Molded Case Circuit Breakers

          Molded Case Circuit Breakers are electromechanical devices which protect a circuit from  Over-current and Short Circuit. It provides Short Circuit Protection and also Over-current and for circuits ranging from 63 Amps up to 3000 Amps.

             Their primary functions are to provide a means to manually and automatically open a circuit under overload or short circuit conditions. The over-current, in an electrical circuit, may result from short circuit, overload or faulty design.

          MCCB is an alternative to a fuse since it does not require replacement once an overload is detected. Unlike fuse, an MCCB can be easily reset after a fault and offers improved operational safety and convenience without incurring operating cost.

      Molded case circuit breakers generally have a  Thermal element for over-current and Magnetic element for short circuit release which has to operate faster.

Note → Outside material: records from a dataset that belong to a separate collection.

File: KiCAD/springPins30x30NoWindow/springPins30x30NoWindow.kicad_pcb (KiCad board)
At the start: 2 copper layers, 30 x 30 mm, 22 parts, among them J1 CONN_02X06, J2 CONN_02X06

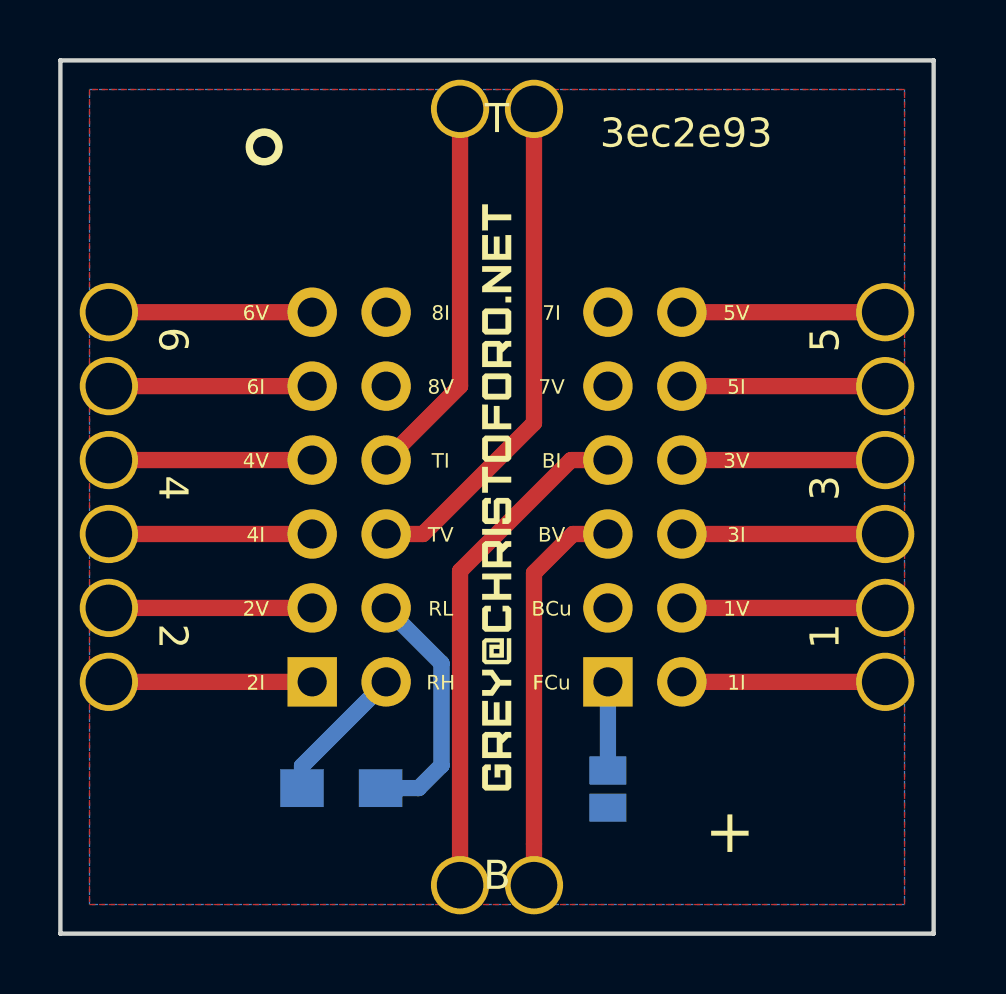
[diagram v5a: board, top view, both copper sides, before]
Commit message: starting on ethercat board pin boards rotated base1x zones fixed
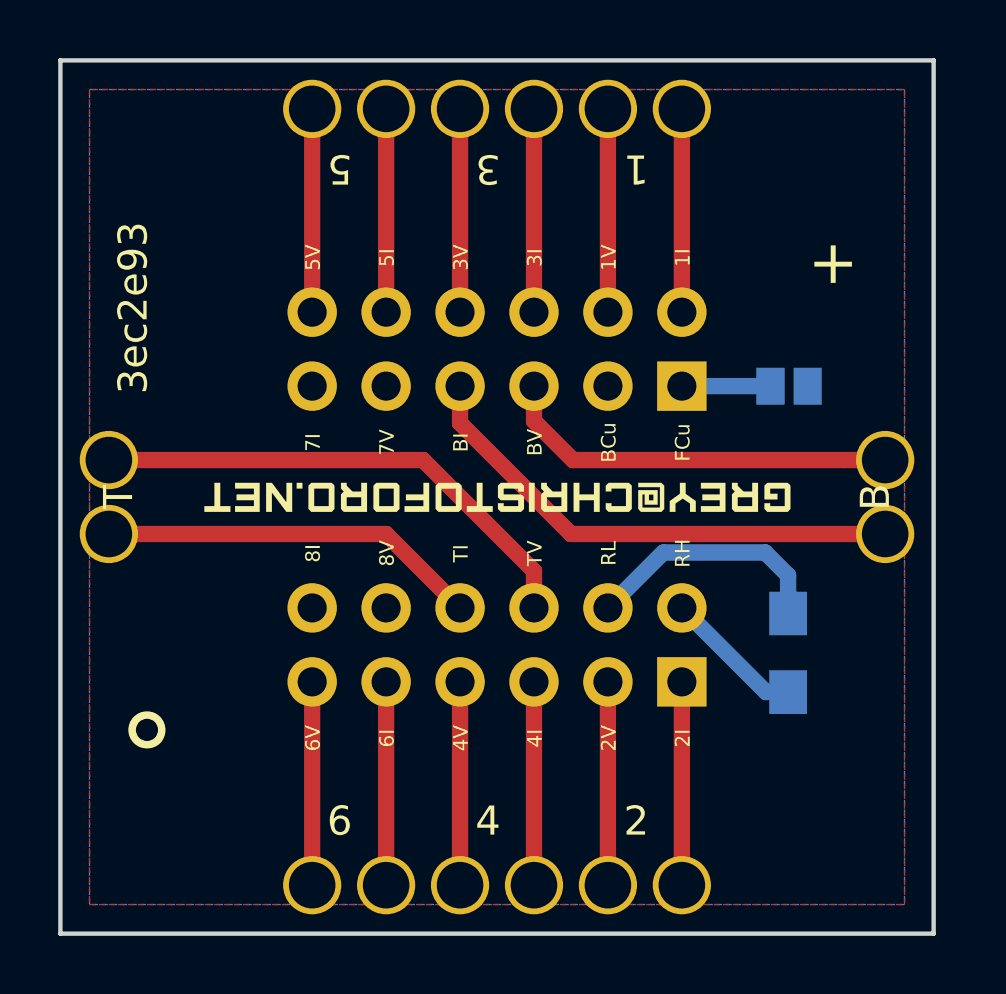
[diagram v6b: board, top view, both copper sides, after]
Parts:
- moved TP15 20.9 mm to (-6.35, -13.3), turned to 90 degrees
- moved TP20 20.9 mm to (6.35, -13.3), turned to 90 degrees
- moved TP3 20.9 mm to (-6.35, 13.3), turned to 90 degrees
- moved TP8 20.9 mm to (6.35, 13.3), turned to 90 degrees
- moved TP16 19.6 mm to (-3.81, -13.3), turned to 90 degrees
- moved TP19 19.6 mm to (3.81, -13.3), turned to 90 degrees
- moved TP4 19.6 mm to (-3.81, 13.3), turned to 90 degrees
- moved TP7 19.6 mm to (3.81, 13.3), turned to 90 degrees
- moved TP10 18.9 mm to (13.3, 1.27), turned to 90 degrees
- moved TP11 18.9 mm to (-13.3, -1.27), turned to 90 degrees
- moved TP12 18.9 mm to (13.3, -1.27), turned to 90 degrees
- moved TP17 18.9 mm to (-1.27, -13.3), turned to 90 degrees
- moved TP18 18.9 mm to (1.27, -13.3), turned to 90 degrees
- moved TP5 18.9 mm to (-1.27, 13.3), turned to 90 degrees
- moved TP6 18.9 mm to (1.27, 13.3), turned to 90 degrees
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
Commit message: update silk
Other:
- board text added: "20b2bb8"
- board text removed: "3ec2e93"
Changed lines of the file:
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@@
-(kicad_pcb (version 20171130) (host pcbnew "(5.0-dev-4085-g9241a399a)")
+(kicad_pcb (version 20171130) (host pcbnew "(5.0.0-rc2-dev-44-gde6b32d23)")
   (general
     (thickness 1.6)
@@
       (usegerberattributes true)
       (usegerberadvancedattributes true)
-      (creategerberjobfile true)
+      (creategerberjobfile false)
       (excludeedgelayer true)
       (linewidth 0.150000)
@@
     (effects (font (size 1 1) (thickness 0.25)))
   )
-  (gr_text 3ec2e93 (at -12.5 -6.5 90) (layer F.SilkS)
+  (gr_text 20b2bb8 (at -12.5 -6.5 90) (layer F.SilkS)
     (effects (font (size 1 1) (thickness 0.175)))
   )

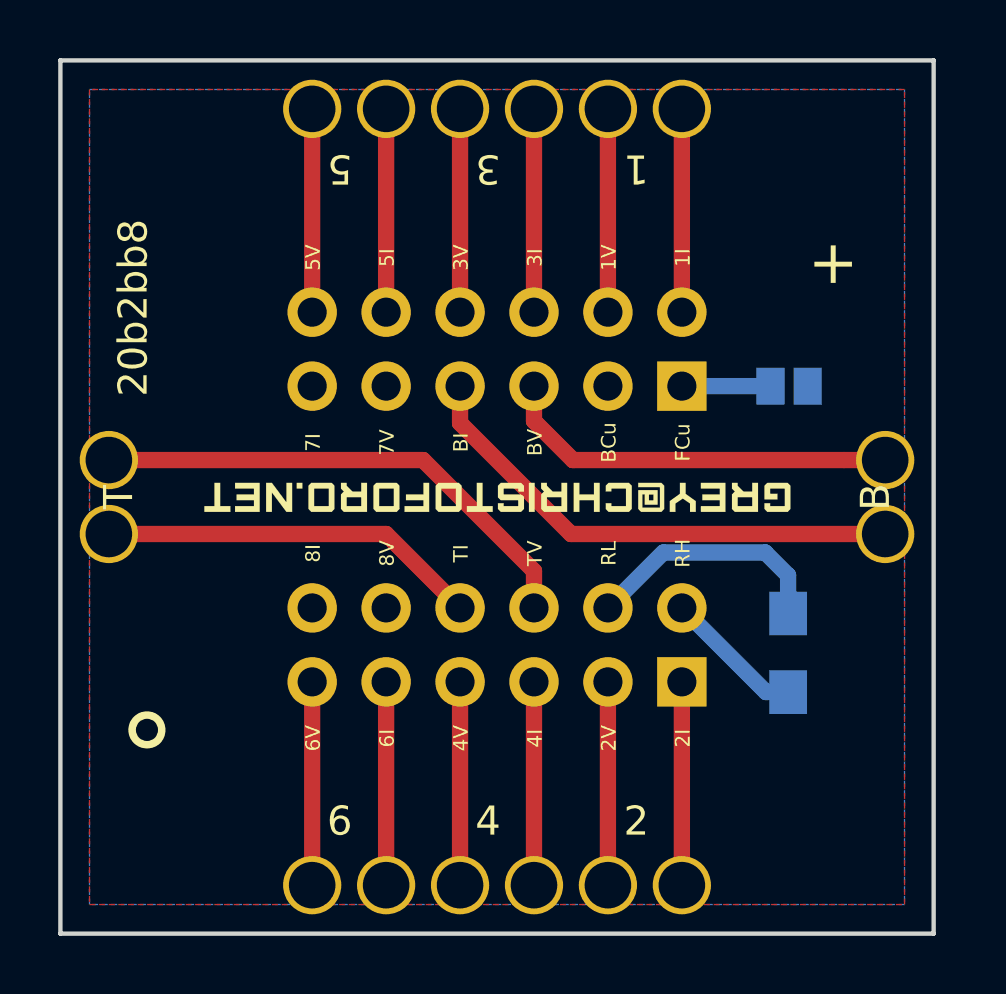
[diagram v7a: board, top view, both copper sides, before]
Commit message: add dbg substrate layout and 8x1 backplane
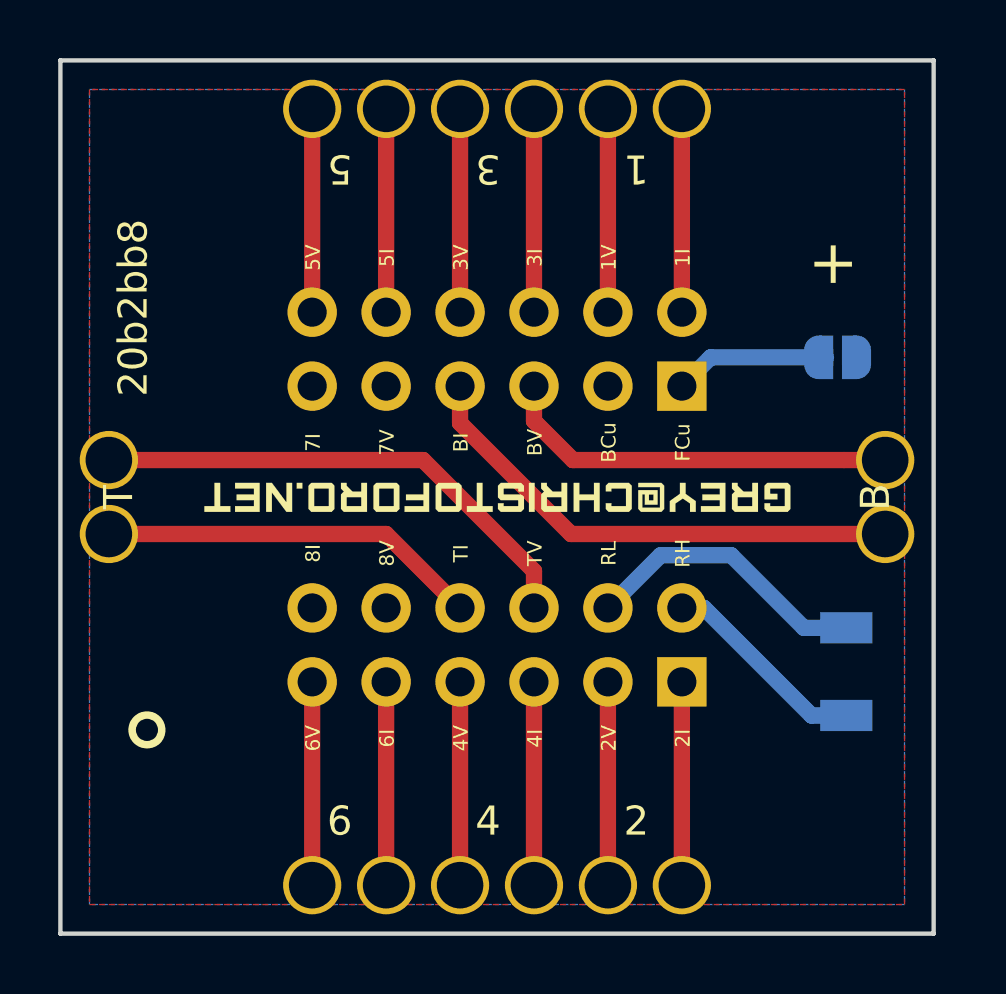
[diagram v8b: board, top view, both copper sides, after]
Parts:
- J1, J2: footprint Pin_Headers:Pin_Header_Straight_2x06_Pitch2.54mm -> Connector_PinHeader_2.54mm:PinHeader_2x06_P2.54mm_Vertical
- JP1: footprint Connectors:GS2 -> Jumper:SolderJumper-2_P1.3mm_Open_RoundedPad1.0x1.5mm
- R1: footprint Resistors_SMD:R_0805_HandSoldering -> Resistor_SMD:R_1206_3216Metric
- moved R1 2.10 mm to (12.0, 6.00)
- moved JP1 1.94 mm to (11.7, -4.80), turned to 180 degrees
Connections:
- J1 pad 10: (no net) -> Net-(J1-Pad10)
- J1 pad 12: (no net) -> Net-(J1-Pad12)
- J2 pad 11: (no net) -> Net-(J2-Pad11)
- J2 pad 9: (no net) -> Net-(J2-Pad9)
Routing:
- net /RH: track 4.85 -> 7.18 mm
- net /FCu: track 3.04 -> 5.36 mm
- net /RL: track 8.61 -> 9.97 mm

         MCCBs are manufactured such that end user will not have access to internal workings of the over-current protection device. Generally constructed of two pieces of heavy-duty electrically insulated plastic, these two halves are riveted together to form the whole. Inside the plastic shell is a series of thermal elements and a Spring-loaded trigger.

       When the thermal element gets too warm, from an over-current situation, the spring trips, which in turn will shut off the electrical circuit.

Types of MCCBs

Larger molded case circuit breakers have adjustable range setting on the face of the device. Molded case circuit breakers can range in size from 32 Amperes up to 3000 Amperes.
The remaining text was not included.